結論としては、「日銀保有の国債のうち償還期限の来たものを順次、政府発行の「長期の無利子国債」と交換していけば、金利上昇による日銀のバランスシート毀損を懸念することなく、巨額の普通国債残高(政府の借金)を解消できる。それによって日本における国債問題は完全に解決したことになる」というものでした。
また、この方法が現行法の枠内でも可能であることを示しました。
すなわち「財政法第5条但し書きに基づいて、現在も日銀保有の償還期限が来た国債に関して、借り換えのための国債を日銀は引き受けている(日銀乗り換え)」ことを指摘しました。
ただし、現在引き受けているのは1年物割引短期国債であるため、それを長期の無利子国債にするための運用上の工夫が必要であることも論じました。
http://www.mitsuhashitakaaki.net/2016/06/11/aoki-27/

先日、驚いたことに、文脈は多少違うのですが、私以外に国債の日銀引き受けを肯定的に捉える日本の経済学者を始めて知りました。
リフレ派の学者として知られる早稲田大学教授の若田部昌澄氏です。
彼は日経新聞の8回シリーズのコラムの中で、日銀の国債引き受けは法律上の問題はないとして、私と全く同じように、日銀乗り換えを引き合いに出して論じていました(6月24日朝刊「やさしい経済学:ヘリコプターマネーとは何か(7)」)。
http://www.nikkei.com/paper/article/?b=20160624&ng=DGKKZO03972820T20C16A6KE8000

本日は、最近たびたび話題に上るようになったヘリコプターマネーを取り上げます。
ヘリコプターマネー(通称ヘリマネ)の話を最初に持ち出したのは、マネタリズム(新貨幣数量説)を唱えたミルトン・フリードマンです。
しかし、昨今のヘリマネ論議は彼の意図(定義)と若干ずれていると思われますので、先ずはフリードマンの意味でのヘリマネについてお話ししましょう。
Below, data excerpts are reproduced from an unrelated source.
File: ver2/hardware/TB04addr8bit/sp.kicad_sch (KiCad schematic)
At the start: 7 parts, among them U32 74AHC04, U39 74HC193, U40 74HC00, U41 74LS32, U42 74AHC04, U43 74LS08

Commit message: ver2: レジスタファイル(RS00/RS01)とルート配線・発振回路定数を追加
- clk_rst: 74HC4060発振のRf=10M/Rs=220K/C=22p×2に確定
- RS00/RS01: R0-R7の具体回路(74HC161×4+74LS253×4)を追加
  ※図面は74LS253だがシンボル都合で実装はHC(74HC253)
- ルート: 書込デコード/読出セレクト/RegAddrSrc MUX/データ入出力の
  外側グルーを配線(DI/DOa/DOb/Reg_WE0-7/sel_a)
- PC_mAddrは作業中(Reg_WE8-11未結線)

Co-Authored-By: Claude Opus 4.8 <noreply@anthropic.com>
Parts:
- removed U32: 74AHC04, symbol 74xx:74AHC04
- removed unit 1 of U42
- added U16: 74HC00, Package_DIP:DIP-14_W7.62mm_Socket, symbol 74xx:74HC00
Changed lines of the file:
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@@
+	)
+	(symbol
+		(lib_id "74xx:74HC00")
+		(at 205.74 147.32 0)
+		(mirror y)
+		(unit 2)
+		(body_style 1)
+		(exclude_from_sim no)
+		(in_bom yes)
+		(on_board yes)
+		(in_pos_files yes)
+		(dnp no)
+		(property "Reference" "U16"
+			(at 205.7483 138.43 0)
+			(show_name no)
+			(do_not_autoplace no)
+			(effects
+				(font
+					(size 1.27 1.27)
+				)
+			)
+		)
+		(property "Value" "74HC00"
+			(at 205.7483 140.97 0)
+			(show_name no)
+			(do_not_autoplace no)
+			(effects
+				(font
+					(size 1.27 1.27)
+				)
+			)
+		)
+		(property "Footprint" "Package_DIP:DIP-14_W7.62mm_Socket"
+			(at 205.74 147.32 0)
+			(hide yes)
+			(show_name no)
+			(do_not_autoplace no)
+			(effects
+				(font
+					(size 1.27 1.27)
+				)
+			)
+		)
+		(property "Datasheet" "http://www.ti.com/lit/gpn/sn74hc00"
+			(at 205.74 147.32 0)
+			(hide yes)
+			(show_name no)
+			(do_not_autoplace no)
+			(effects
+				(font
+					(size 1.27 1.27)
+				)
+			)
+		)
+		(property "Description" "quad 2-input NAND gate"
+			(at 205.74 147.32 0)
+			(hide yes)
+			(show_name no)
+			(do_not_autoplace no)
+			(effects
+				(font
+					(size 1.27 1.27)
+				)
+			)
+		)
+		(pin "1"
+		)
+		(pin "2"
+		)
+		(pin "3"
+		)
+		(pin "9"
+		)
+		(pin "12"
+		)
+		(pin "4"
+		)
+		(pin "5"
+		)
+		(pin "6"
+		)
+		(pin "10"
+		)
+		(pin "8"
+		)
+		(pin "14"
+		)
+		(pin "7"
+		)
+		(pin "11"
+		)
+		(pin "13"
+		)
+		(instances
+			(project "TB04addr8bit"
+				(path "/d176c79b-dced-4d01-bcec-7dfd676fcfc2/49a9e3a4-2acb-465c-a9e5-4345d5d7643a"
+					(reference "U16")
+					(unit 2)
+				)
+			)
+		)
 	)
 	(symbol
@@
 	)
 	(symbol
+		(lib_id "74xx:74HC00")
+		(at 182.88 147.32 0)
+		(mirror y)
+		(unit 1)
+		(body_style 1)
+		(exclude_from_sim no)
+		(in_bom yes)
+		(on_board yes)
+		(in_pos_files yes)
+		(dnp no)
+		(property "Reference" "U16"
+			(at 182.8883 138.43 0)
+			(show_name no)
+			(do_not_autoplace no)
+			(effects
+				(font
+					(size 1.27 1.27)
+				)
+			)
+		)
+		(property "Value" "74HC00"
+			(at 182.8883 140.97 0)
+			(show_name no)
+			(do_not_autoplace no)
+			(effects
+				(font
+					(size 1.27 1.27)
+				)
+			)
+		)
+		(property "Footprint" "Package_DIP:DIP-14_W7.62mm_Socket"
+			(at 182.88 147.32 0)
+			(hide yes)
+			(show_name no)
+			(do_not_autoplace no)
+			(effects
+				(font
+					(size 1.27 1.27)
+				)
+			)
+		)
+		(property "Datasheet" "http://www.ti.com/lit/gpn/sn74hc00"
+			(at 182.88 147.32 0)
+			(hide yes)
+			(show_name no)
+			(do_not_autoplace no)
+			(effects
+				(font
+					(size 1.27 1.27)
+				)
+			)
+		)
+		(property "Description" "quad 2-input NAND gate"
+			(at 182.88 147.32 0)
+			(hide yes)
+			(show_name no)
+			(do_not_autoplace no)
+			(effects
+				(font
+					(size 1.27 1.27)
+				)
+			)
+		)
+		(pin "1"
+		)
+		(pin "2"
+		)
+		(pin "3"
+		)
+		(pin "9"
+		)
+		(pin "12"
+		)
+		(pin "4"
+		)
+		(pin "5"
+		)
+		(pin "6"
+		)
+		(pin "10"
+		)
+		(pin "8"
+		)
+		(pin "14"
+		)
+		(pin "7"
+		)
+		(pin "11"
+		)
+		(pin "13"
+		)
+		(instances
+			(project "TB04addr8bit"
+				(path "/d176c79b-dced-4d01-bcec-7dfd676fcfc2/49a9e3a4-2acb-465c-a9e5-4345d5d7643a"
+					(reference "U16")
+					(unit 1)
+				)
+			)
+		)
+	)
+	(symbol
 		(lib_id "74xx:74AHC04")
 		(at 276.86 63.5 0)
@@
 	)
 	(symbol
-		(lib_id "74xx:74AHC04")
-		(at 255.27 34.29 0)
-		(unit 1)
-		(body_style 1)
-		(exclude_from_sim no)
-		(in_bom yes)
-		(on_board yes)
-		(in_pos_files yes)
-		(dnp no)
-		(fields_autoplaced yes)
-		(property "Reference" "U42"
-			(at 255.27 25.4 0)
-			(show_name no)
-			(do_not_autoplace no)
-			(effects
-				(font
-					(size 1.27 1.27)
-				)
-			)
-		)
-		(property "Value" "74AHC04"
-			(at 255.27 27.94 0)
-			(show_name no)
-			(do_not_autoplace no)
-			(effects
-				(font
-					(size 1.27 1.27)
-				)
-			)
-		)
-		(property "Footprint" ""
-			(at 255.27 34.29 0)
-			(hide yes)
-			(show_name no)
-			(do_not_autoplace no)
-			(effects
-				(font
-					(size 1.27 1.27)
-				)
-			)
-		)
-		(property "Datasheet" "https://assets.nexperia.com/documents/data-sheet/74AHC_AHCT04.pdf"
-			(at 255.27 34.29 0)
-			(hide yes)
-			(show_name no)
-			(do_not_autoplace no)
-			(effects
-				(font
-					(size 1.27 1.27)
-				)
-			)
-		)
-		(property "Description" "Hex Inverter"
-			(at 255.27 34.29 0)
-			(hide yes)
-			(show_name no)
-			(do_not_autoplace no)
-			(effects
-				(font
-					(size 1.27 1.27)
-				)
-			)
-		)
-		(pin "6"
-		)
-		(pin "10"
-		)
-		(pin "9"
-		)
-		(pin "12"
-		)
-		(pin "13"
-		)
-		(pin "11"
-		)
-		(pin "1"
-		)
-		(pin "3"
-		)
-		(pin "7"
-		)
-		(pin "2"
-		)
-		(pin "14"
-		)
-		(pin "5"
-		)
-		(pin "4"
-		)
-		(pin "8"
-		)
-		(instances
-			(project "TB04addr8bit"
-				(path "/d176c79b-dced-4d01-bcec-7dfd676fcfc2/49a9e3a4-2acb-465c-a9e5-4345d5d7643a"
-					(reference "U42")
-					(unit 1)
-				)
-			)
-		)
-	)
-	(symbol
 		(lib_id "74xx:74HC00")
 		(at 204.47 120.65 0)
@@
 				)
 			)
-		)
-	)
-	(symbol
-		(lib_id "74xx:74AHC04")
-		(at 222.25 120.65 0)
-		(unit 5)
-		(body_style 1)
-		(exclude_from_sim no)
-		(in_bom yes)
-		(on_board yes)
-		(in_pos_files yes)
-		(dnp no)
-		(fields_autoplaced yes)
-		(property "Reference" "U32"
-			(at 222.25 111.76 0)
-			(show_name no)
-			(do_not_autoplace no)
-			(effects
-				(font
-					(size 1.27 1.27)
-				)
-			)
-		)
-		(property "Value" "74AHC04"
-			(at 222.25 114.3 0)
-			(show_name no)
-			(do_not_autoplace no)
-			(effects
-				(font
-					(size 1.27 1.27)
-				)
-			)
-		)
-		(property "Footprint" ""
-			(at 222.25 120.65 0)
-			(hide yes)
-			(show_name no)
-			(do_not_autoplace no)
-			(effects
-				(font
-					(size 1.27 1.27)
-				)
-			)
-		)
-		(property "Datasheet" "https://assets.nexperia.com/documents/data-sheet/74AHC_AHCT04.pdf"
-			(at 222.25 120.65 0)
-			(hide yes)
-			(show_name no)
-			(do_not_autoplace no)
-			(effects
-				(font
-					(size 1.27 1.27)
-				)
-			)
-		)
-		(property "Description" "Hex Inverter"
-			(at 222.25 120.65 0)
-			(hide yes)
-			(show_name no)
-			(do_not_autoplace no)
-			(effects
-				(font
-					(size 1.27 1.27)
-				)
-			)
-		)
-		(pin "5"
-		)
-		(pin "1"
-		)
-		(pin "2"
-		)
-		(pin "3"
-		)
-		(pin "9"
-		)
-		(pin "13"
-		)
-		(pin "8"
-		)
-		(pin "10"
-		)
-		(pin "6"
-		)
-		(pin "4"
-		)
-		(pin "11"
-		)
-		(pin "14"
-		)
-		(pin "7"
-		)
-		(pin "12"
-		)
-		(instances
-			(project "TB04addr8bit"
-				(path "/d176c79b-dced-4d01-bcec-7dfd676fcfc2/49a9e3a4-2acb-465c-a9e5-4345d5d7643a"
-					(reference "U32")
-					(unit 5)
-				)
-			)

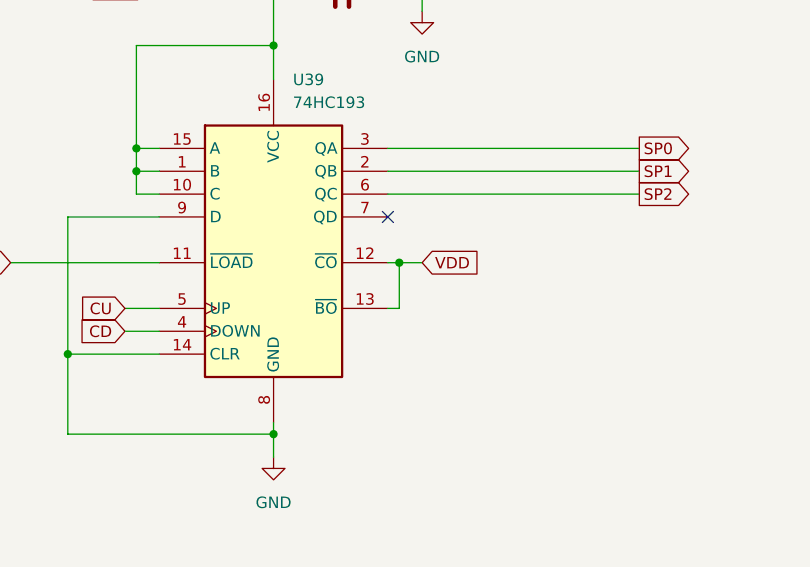
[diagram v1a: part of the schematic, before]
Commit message: ver2: PC_mAddr中心に回路図の配線を更新
7/18のコミット以降の結線作業を反映。部品・ラベルの増減はなく、
配線(wire)とジャンクションの変更のみ。
- PC_mAddr.kicad_sch: 配線36箇所
- sp.kicad_sch / ROM_ALU.kicad_sch / ルートシート: 数箇所ずつ
- TB04addr8bit.kicad_pro: KiCAD 10がERC重要度・last_pathsの
  既定値を追記したもの(設定の書き戻しで設計内容の変化ではない)

なおこの状態のネットリストを ai-review で出力してレビュー済み。
要修正5件と残作業は ver2/DEVLOG.md(2026-08-10)に記録した(未着手)。

Co-Authored-By: Claude Opus 5 <noreply@anthropic.com>
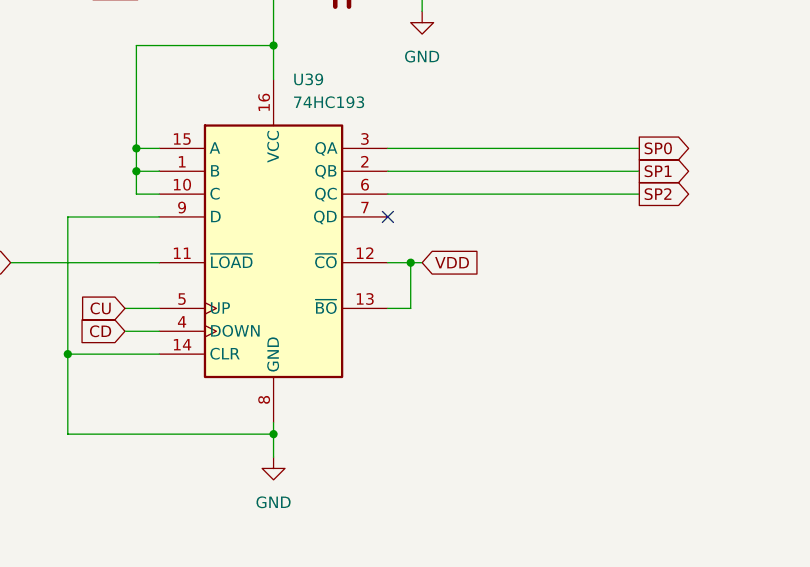
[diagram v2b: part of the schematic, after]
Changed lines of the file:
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@@
+	)
+	(junction
+		(at 123.19 71.12)
+		(diameter 0)
+		(color 0 0 0 0)
 	)
 	(junction
@@
 	(junction
 		(at 107.95 46.99)
-		(diameter 0)
-		(color 0 0 0 0)
-	)
-	(junction
-		(at 121.92 71.12)
 		(diameter 0)
 		(color 0 0 0 0)
@@
 	(wire
 		(pts
-			(xy 120.65 71.12) (xy 121.92 71.12)
-		)
-		(stroke
-			(width 0)
-			(type default)
-		)
-	)
-	(wire
-		(pts
 			(xy 85.09 90.17) (xy 107.95 90.17)
 		)
@@
 	(wire
 		(pts
+			(xy 120.65 71.12) (xy 123.19 71.12)
+		)
+		(stroke
+			(width 0)
+			(type default)
+		)
+	)
+	(wire
+		(pts
 			(xy 92.71 58.42) (xy 95.25 58.42)
 		)
@@
 	(wire
 		(pts
-			(xy 121.92 71.12) (xy 124.46 71.12)
+			(xy 123.19 71.12) (xy 124.46 71.12)
 		)
 		(stroke
@@
 	(wire
 		(pts
+			(xy 120.65 76.2) (xy 123.19 76.2)
+		)
+		(stroke
+			(width 0)
+			(type default)
+		)
+	)
+	(wire
+		(pts
 			(xy 124.46 43.18) (xy 124.46 40.64)
 		)
@@
 	(wire
 		(pts
-			(xy 121.92 76.2) (xy 121.92 71.12)
-		)
-		(stroke
-			(width 0)
-			(type default)
-		)
-	)
-	(wire
-		(pts
 			(xy 59.69 143.51) (xy 81.28 143.51)
 		)
@@
 	(wire
 		(pts
-			(xy 120.65 76.2) (xy 121.92 76.2)
-		)
-		(stroke
-			(width 0)
-			(type default)
-		)
-	)
-	(wire
-		(pts
 			(xy 93.98 40.64) (xy 107.95 40.64)
 		)
@@
 		)
 		(stroke
+			(width 0)
+			(type default)
+		)
+	)
+	(wire
+		(pts
+			(xy 123.19 76.2) (xy 123.19 71.12)
+		)
+		(stroke

マネタリズムは、財ばかりでなく各種資産が存在する経済においても「貨幣量の変化は、それに比例する物価変動を生む」という古典的数量説の命題が成り立つことを示した仮説です。
いわゆる「インフレ(もしくはデフレ)は貨幣現象」と見なす考え方です。
数量説は非常に分かり易いのでかなり普及した考え方ですが、実は間違っています。
現実経済では成り立ちません。

そのことは貨幣の民間経済への注入経路を考えれば誰でもわかります(マネタリズムは外生的貨幣供給説という立場に依拠していますので、この場合の貨幣は現金を指します)。
中央銀行が民間経済へ現金を渡す方法は、個人へ直接現金を渡すことはできませんから、民間銀行の保有資産を購入するか、もしくは民間銀行へ融資(たとえば日銀特融)するかの二通りです。
いずれにせよ中央銀行は民間銀行(民間金融部門)へカネを渡すことはできますが、その先の実体経済(民間非金融部門)へカネが渡るかどうかは、実体経済に資金需要があり、かつ民間銀行がそれに応じて融資を行うか否かに係っています。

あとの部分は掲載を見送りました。